“他在。”
写完,转身离开。
没人看见,没人拍照,没人说“这是反抗”。
夜晚九点,他独自坐在晾衣绳旁。
不是思考,是允许自己什么都不想。
夜风拂过,带着咸腥味——不是记忆中的咸,是此刻真实的海。
忽然,手机震动。
一条匿名信息:
“你知道为什么匿名者敢签吗?
因为他她知道——
真实的人,不需要多数票。
——一个你也认不出的人”
阿屿盯着屏幕,心跳如鼓。
他忽然明白:
最深的信任,是愿意成为唯一的异类。
深夜,小海翻墙进来。
不是送信,是传递一个秘密。
“全球孩子发现终审有个漏洞!”男孩喘着气,“评审团必须现场见证‘不可预测情感事件’!
如果阿屿爷爷能在他们面前,
做一件毫无理由、无法解释、却真实发生的事,
就可能赢!”
阿屿问:“比如?”
“比如……突然大笑,或突然流泪,或……”小海挠头,“或穿反鞋!”
阿屿低头——果然,左右鞋又穿反了。
“这算吗?”
“不算。

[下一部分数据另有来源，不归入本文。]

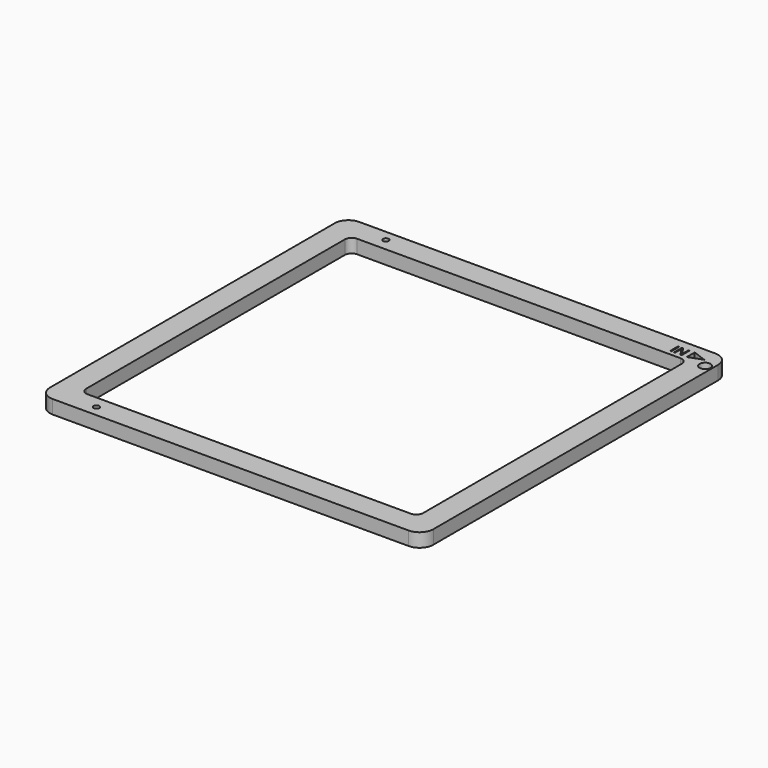
from build123d import *

# Parameters (mm, degrees)
F1_DEPTH     = 10
F2_R         = 2.1
F2_R_2       = 4
F3_DEPTH     = 4.5
F4_TEXT_SIZE = 10.1102842852
F5_DEPTH     = 10.001


# Not quite as in the source:
# - Text() gives the source's letters only with a copy of the font that has no kerning and outlines rounded to 1/6400 em; it was checked with that copy


with BuildPart() as f1:
    # F0 (on Top) → F1 (new body)
    with BuildSketch(Plane.XY):
        with BuildLine():
            ThreePointArc((140, 130), (137.0710678119, 137.0710678119), (130, 140))
            Line((130, 140), (-130, 140))
            ThreePointArc((-130, 140), (-137.0710678119, 137.0710678119), (-140, 130))
            Line((-140, 130), (-140, -130))
            ThreePointArc((-140, -130), (-137.0710678119, -137.0710678119), (-130, -140))
            Line((-130, -140), (130, -140))
            ThreePointArc((130, -140), (137.0710678119, -137.0710678119), (140, -130))
            Line((140, -130), (140, 130))
        make_face()
    extrude(amount=F1_DEPTH)

    # F2 (on face) → F3 (cut)
    with BuildSketch(Plane.XY.offset(10)):
        with Locations((-104.3, 132.15)):
            Circle(F2_R)
        with Locations((135, 124.35)):
            Circle(F2_R_2)
        with Locations((-104.3, -132.15)):
            Circle(F2_R)
    extrude(amount=-F3_DEPTH, mode=Mode.SUBTRACT)

    # F4 (on face) + F1_face1 (on face) → F5 (cut, through all)
    with BuildSketch(Plane.XY.offset(10)):
        Polygon((120, 126.3602976573), (130, 130), (120, 133.6397023427), align=None)
        with BuildLine():
            Line((118, 123), (-118, 123))
            ThreePointArc((-118, 123), (-121.5355339059, 121.5355339059), (-123, 118))
            Line((-123, 118), (-123, -118))
            ThreePointArc((-123, -118), (-121.5355339059, -121.5355339059), (-118, -123))
            Line((-118, -123), (118, -123))
            ThreePointArc((118, -123), (121.5355339059, -121.5355339059), (123, -118))
            Line((123, -118), (123, 118))
            ThreePointArc((123, 118), (121.5355339059, 121.5355339059), (118, 123))
        make_face()
        with Locations((106.8960346425, 126.3602976573)):
            Text('IN', F4_TEXT_SIZE, font='Open Sans', text_align=(TextAlign.LEFT, TextAlign.BOTTOM))
    with BuildSketch(Plane(origin=(0, 0, 0), x_dir=(1, 0, 0), z_dir=(0, 0, -1))):
        with BuildLine():
            ThreePointArc((130, -140), (137.0710678119, -137.0710678119), (140, -130))
            Line((140, -130), (140, 130))
            ThreePointArc((140, 130), (137.0710678119, 137.0710678119), (130, 140))
            Line((130, 140), (-130, 140))
            ThreePointArc((-130, 140), (-137.0710678119, 137.0710678119), (-140, 130))
            Line((-140, 130), (-140, -130))
            ThreePointArc((-140, -130), (-137.0710678119, -137.0710678119), (-130, -140))
            Line((-130, -140), (130, -140))
        make_face()
    extrude(amount=-F5_DEPTH, dir=(0, 0, 1), mode=Mode.SUBTRACT)


solid = f1.part

”小海笑,“但真实的错误,本就不该被计算。”
清晨五点,第一缕阳光照进院子。
阿屿站在晾衣绳旁,看露珠从床单边缘坠落——不是悬停,是自然坠下,砸进泥土,无声无息。
他知道,真正的自由,不是对抗系统,而是被所爱之人选择。
忽然,他做出决定。
不是准备答辩,不是收集证据,
而是走向厨房,
煮一锅注定会糊的粥。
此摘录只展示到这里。